Economic analysis of credit markets often relies on a model that assumes firms have a uniform demand for credit across all their lenders, but a new paper from the European Central Bank (ECB) has shown that this long-held assumption is empirically untenable.

The working paper, titled Identifying relationship-level effects using covariance restrictions and authored by Olivier De Jonghe and Daniel Lewis, proposes a new methodology to decompose credit outcomes into specific demand and supply shocks at the relationship level.
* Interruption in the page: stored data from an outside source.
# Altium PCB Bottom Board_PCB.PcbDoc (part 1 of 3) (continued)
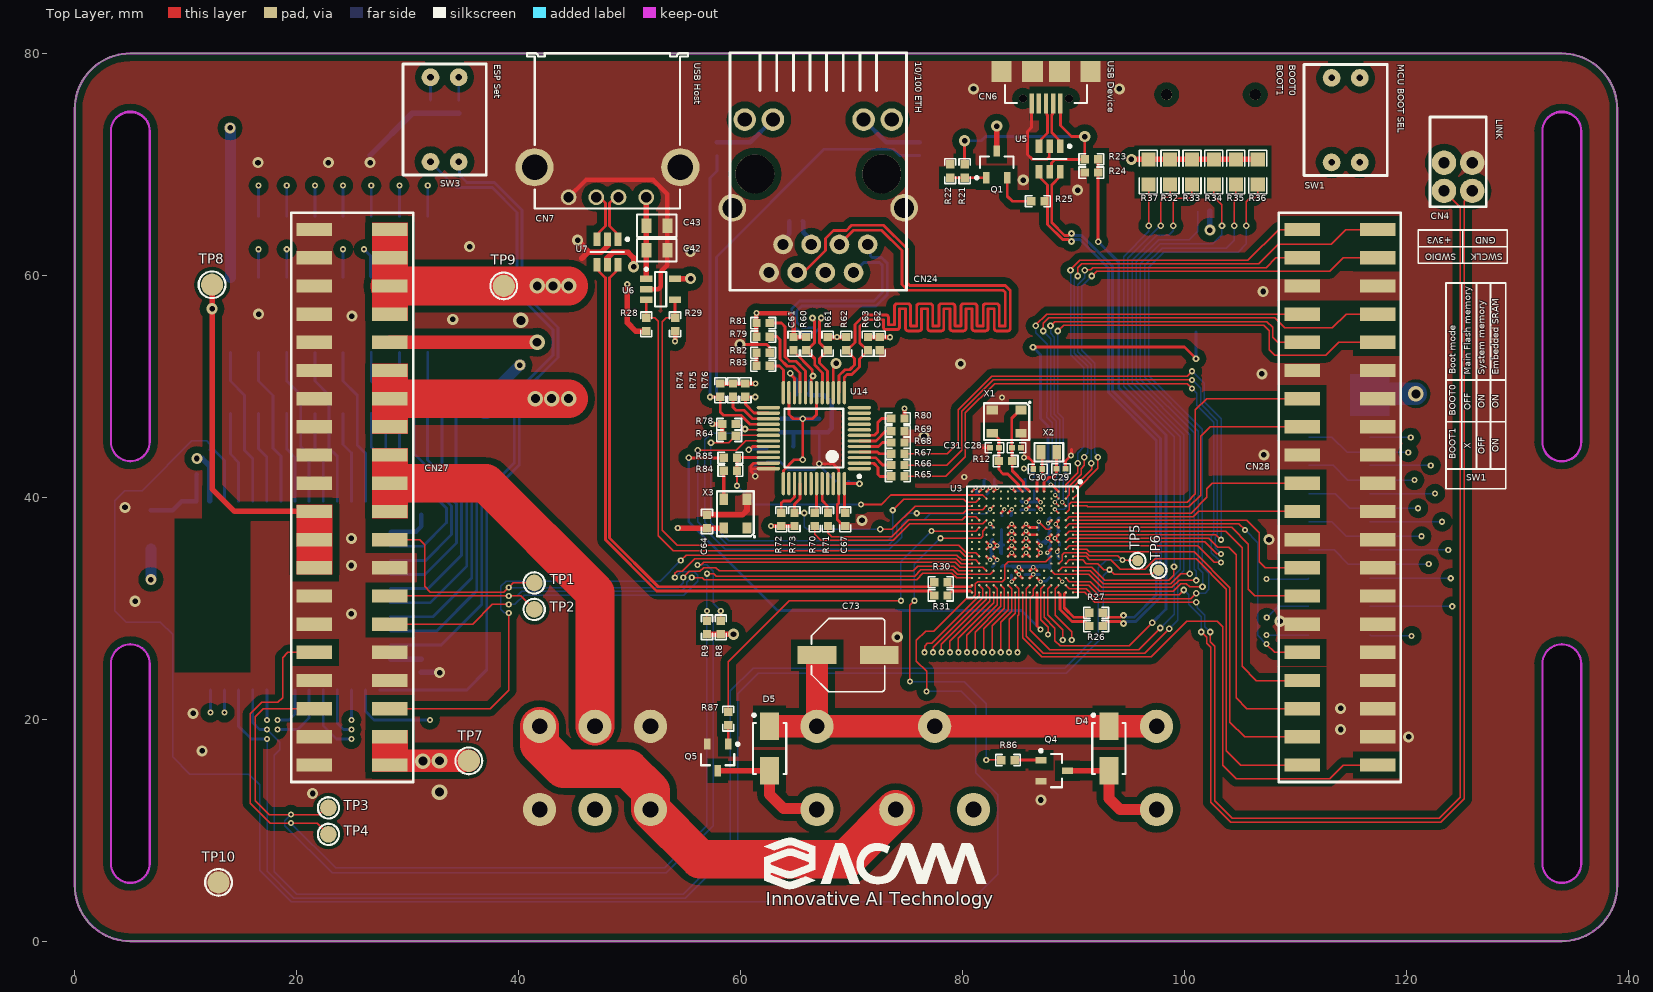
[diagram p0: Top Layer view]
## Components (designator, comment, footprint, x,y, rotation, side; value= is the part's Value field where it differs from the comment) (continued)
TP10 "Test Point" PIN_2mm 12.954,5.297 r90 top
U3 "STM32F417IGH6" STM-UFBGA176+25 85.406,35.981 r270 top
U5 "USBLC6-2SC6Y" SOT23-6L 87.847,70.489 r270 top
U6 "STMPS2141STR" SOT-23-5pin 52.8,58.75 r0 top
U7 "USBLC6-2SC6Y" SOT23-6L 48.006,62.103 r270 top
U13 "ESP32-WROOM-32U" ESP32S_W 19.71,31.146 r270 bottom
U14 "DP83848CVV" TQFP48_M 66.604,45.333 r180 top
X1 "25Mhz" OSC_3.2X2.5 83.978,46.825 r180 top
X2 "32.768Khz" XTAL_2.0x1.2 87.788,44.057 r180 top
X3 "50Mhz" OSC_3.2X2.5 59.53,38.524 r90 top

## Footprints (in the part's own frame and the unit in brackets; to place one, negate y for a bottom-side part, rotate by r counter-clockwise, add the part's x,y. Pads: shape width x height; smd on the part's side, far side on the other; paste and mask are expansions set on the pad)
0402_C [mm] "Manual Assembly"
  rect 0.75x0.75 smd mask+0.1: 1(-0.6,0) 2(0.6,0)
  silkscreen extent -1.12,-0.5 1.12,0.5, body extent -0.52,-0.27 0.53,0.28, height 0.55
0402_C_AUTO [mil] "Machine Assembly"
  rect 20x20 smd: 1(-16,0) 2(16,0)
  silkscreen extent -34,-18 34,18, body extent -20,-10 20,10, height 22
0402_R [mm] "Manual Assembly"
  rect 0.75x0.75 smd mask+0.1: 1(-0.6,0) 2(0.6,0)
  silkscreen extent -1.12,-0.5 1.12,0.5, body extent -0.53,-0.28 0.52,0.27, height 0.4
0402_R_AUTO [mil] "Machine Assembly"
  rect 20x20 smd: 1(-16,0) 2(16,0)
  silkscreen extent -34,-18 34,18, body extent -20,-10 20,10, height 16
0805_C_AUTO [mm] "Machine Assembly"
  rect 0.9x1.3 smd: 1(-0.95,0) 2(0.95,0)
  silkscreen extent -1.78,-1.02 1.78,1.02, body extent -1,-0.6 1,0.6, height 1.5
0805_R [mil] "Manual Assembly"
  rect 50x50 smd: 1(-45,0) 2(45,0)
  silkscreen extent -77,-32 77,32, body extent -41,-27 41,27, height 24
CR2032_BATT_HOLDER [mm] "CR2032 Battery Holder SMD"
  rect 4.5x2.4 smd: 1(-8.35,0)
  rect 3.1x3.4 smd: 2(12.85,0)
  silkscreen extent -11.15,-7.85 12.95,7.85
DIP-SW-2-PIANO [mm] "Piano Style Dip Switch"
  round 1.6 hole 0.6: 1(-1.27,-3.81) 2(1.27,-3.81) 3(1.27,3.81) 4(-1.27,3.81)
  silkscreen extent -3.75,-5 3.75,5, body extent -3.58,-6.01 3.63,4.79, height 7.95
ESP32S_W [mm] "ESP32S Module wide for hand soldering"
  rect 2x0.9 smd: 1(-8.5,8.755) 2(-8.5,7.485) 3(-8.5,6.215) 4(-8.5,4.945) 5(-8.5,3.675) 6(-8.5,2.405) 7(-8.5,1.135) 8(-8.5,-0.135) 9(-8.5,-1.405) 10(-8.5,-2.675) 11(-8.5,-3.945) 12(-8.5,-5.215) 13(-8.5,-6.485) 14(-8.5,-7.755) 25(8.5,-7.755) 26(8.5,-6.485) 27(8.5,-5.215) 28(8.5,-3.945) 29(8.5,-2.675) 30(8.5,-1.405) 31(8.5,-0.135) 32(8.5,1.135) 33(8.5,2.405) 34(8.5,3.675) 35(8.5,4.945) 36(8.5,6.215) 37(8.5,7.485) 38(8.5,8.755)
  rect 0.9x2 smd: 15(-5.71,-8.755) 16(-4.44,-8.755) 17(-3.17,-8.755) 18(-1.9,-8.755) 19(-0.63,-8.755) 20(0.64,-8.755) 21(1.91,-8.755) 22(3.18,-8.755) 23(4.45,-8.755) 24(5.72,-8.755)
  rect 5x5 smd: 39(-1,1.255)
  silkscreen extent -9,-9.25 9,9.95, body extent -9.01,-9.27 9.06,9.97, height 3.4
HEADER_2X2_RIGHT [mm]
  round 2.2 hole 1.02: 1(-1.27,-1.27) 2(1.27,-1.27) 3(1.27,1.27) 4(-1.27,1.27)
  silkscreen extent -2.54,-2.69 2.54,5.39, body extent -2.54,-1.58 2.54,11.18, height 5.08
HEADER_FEMALE_SMD_2x20 [mm] "Pitch 2.54mm"
  rect 1.2x3.2 smd: 1(-24.13,-3.4) 2(-21.59,-3.4) 3(-19.05,-3.4) 4(-16.51,-3.4) 5(-13.97,-3.4) 6(-11.43,-3.4) 7(-8.89,-3.4) 8(-6.35,-3.4) 9(-3.81,-3.4) 10(-1.27,-3.4) 11(1.27,-3.4) 12(3.81,-3.4) 13(6.35,-3.4) 14(8.89,-3.4) 15(11.43,-3.4) 16(13.97,-3.4) 17(16.51,-3.4) 18(19.05,-3.4) 19(21.59,-3.4) 20(24.13,-3.4) 21(24.13,3.4) 22(21.59,3.4) 23(19.05,3.4) 24(16.51,3.4) 25(13.97,3.4) 26(11.43,3.4) 27(8.89,3.4) 28(6.35,3.4) 29(3.81,3.4) 30(1.27,3.4) 31(-1.27,3.4) 32(-3.81,3.4) 33(-6.35,3.4) 34(-8.89,3.4) 35(-11.43,3.4) 36(-13.97,3.4) 37(-16.51,3.4) 38(-19.05,3.4) 39(-21.59,3.4) 40(-24.13,3.4)
  silkscreen extent -25.65,-5.5 25.65,5.5, body extent -25.65,-3.94 25.65,3.94, height 9.81
HEADER_SMD_2x10 [mm] "Pitch 2.54mm"
  rect 1.2x3.5 smd: 1(-11.43,-2.75) 2(-8.89,-2.75) 3(-6.35,-2.75) 4(-3.81,-2.75) 5(-1.27,-2.75) 6(1.27,-2.75) 7(3.81,-2.75) 8(6.35,-2.75) 9(8.89,-2.75) 10(11.43,-2.75) 11(11.43,2.75) 12(8.89,2.75) 13(6.35,2.75) 14(3.81,2.75) 15(1.27,2.75) 16(-1.27,2.75) 17(-3.81,2.75) 18(-6.35,2.75) 19(-8.89,2.75) 20(-11.43,2.75)
  silkscreen extent -12.7,-5 12.7,5, body extent -12.7,-3.75 12.7,3.75, height 9.7
HR911105A [mm] "Single Port RJ45 Connector with Magnetics Module and LED"
  round 1.778 hole 1.016: 1(4.45,-4.355) 2(3.18,-6.895) 3(1.91,-4.355) 4(0.64,-6.895) 5(-0.63,-4.355) 6(-1.9,-6.895) 7(-3.17,-4.355) 8(-4.44,-6.895)
  round 2.032 hole 1.27: 9(6.625,6.895) 10(4.085,6.895) 11(-4.085,6.895) 12(-6.625,6.895)
  round 2.5 hole 1.8: 13(7.74,-1.055) 14(-7.74,-1.055)
  round 3.5 hole 3.5: ""(-5.71,1.995) ""(5.72,1.995)
  silkscreen extent -7.94,-8.48 7.94,12.92, body extent -7.94,-8.48 7.94,12.92, height 13.5
MICRO_SD_TFP-09-2-12B [mm] "Micro SD Connector - TFP-09-2-12B"
  rect 0.7x1.6 smd: 1(2.25,0) 2(1.15,0) 3(0.05,0) 4(-1.05,0) 5(-2.15,0) 6(-3.25,0) 7(-4.35,0) 8(-5.45,0) 9(-6.55,0)
  rect 1.6x1.4 smd: 10(6.85,-0.5)
  rect 1.2x1.4 smd: 11(-7.75,-0.5)
  rect 1.2x2.2 smd: 12(7.75,-10.1) 13(-7.75,-10.1)
  round 1 hole 1: ""(-4.93,-10.5) ""(3.05,-10.5)
  silkscreen extent -7.35,-14.2 7.35,0.31
OSC_3.2X2.5 [mm]
  rect 1x0.8 smd: 1(-1.3,-1.05) 2(1.3,-1.05) 3(1.3,1.05) 4(-1.3,1.05)
  silkscreen extent -2.11,-1.75 2.03,1.65, body extent -1.6,-1.25 1.6,1.25, height 0.55
PIN_1.5mm [mm] "single pin"
  round 1.5 smd: 1(0,0)
  silkscreen extent -0.95,-0.96 0.96,0.96
PIN_1mm [mm] "single pin"
  round 1 smd: 1(0,0)
  silkscreen extent -0.71,-0.71 0.71,0.71
PIN_2mm [mm] "single pin"
  round 2 smd: 1(0,0)
  silkscreen extent -1.2,-1.2 1.2,1.2
RELAY_DPDT [mm] "Omron DPDT G2R-2-DC12 Relay"
  round 3 hole 1.4: 1(-12.5,3.75) 2(2.5,3.75) 3(7.5,3.75) 4(12.5,3.75) 5(12.5,-3.75) 6(7.5,-3.75) 7(2.5,-3.75) 8(-12.5,-3.75)
  silkscreen extent -14.6,-6.45 14.6,6.45, body extent -14.76,-6.35 14.2,6.38, height 24.96
RELAY_SPDT [mm] "Omron SPDT G2R-1-DC12 Relay"
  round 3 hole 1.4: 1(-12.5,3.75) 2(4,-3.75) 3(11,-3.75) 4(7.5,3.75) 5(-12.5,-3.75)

The research suggests that the dominant tool for separating these effects, known as the two-way fixed effects estimator, frequently masks substantial heterogeneity that is vital for understanding how economic policy impacts firms.

“The homogeneity assumption is both conceptually restrictive and, as we show, empirically untenable,” the authors note in the report.

Rather than assigning a single demand shock to each firm as if its needs were identical across all lenders, the authors demonstrate how to recover a separate demand and supply shock for every firm-bank pair in every period.

The study applied this framework to thousands of firms and banks across nine euro area countries using the AnaCredit dataset, spanning the pandemic, the post-pandemic inflation surge, and the subsequent monetary policy tightening.

When testing the homogeneity assumption, the researchers found that it failed in 25 of the 27 country-period combinations studied, confirming that conventional approaches often produce unreliable results.

A central finding of the research is that the standard approach conflates genuine firm demand with idiosyncratic bank supply conditions, which leads to significant statistical bias.

In a striking example, the paper illustrates that when measured using standard firm-time fixed effects, a positive demand shock is often incorrectly associated with a lower interest rate, which is the direct opposite of what economic theory predicts.

The researchers used the ECB’s 2022 monetary policy tightening as a quasi-natural experiment to demonstrate how this bias manifests in the real economy.

While the ECB raised rates by 450 basis points over fourteen months, firms borrowing at floating rates experienced a significant contraction in credit supply compared to those that had locked in fixed rates.

Conventional methods, which rely on the standard fixed effects approach, severely underestimated these effects, rendering the impact of the monetary contraction on firm activity nearly invisible.

However, the authors’ newly identified demand measure successfully restores a large and highly significant estimate of these effects.

The difference in measurement translates into real-world consequences, as the study documents that floating-rate borrowers experienced significantly lower total assets and turnover over the following two years.

Furthermore, the new methodology allows for a more granular view of how monetary policy shocks propagate through the financial system.

For instance, following contractionary policy surprises, firms with a higher share of fixed-rate loans reduce their demand for new credit, while banks simultaneously increase their supply to those same firms because they view them as safer counterparties.

The authors suggest that these findings have broad implications for empirical research far beyond corporate credit markets.

The methodology is general enough to be applied to labour markets, trade networks, and other areas of industrial organisation where identifying two-sided effects is crucial.

“We believe that empirical results of this nature are novel, and thus provide a new set of empirical facts to discipline theoretical models of the transmission of various types of policies,” the authors stated.

The research also suggests that a reevaluation of a large body of empirical work in finance and economics may be necessary, particularly in studies that rely on the classic two-way fixed effects paradigm.

By demonstrating that within-firm variation in credit demand is roughly one-third as large as variation across different firms, the paper underscores why treating all of a firm’s relationships as homogeneous can lead to misleading conclusions.

This study provides a new statistical toolkit that researchers can use to achieve more precise identification of structural shocks in complex, bipartite networks.

As policymakers continue to navigate the distributional effects of interest rate changes, the ability to accurately distinguish between credit supply disturbances and genuine demand shifts is becoming an increasingly important requirement for sound economic analysis.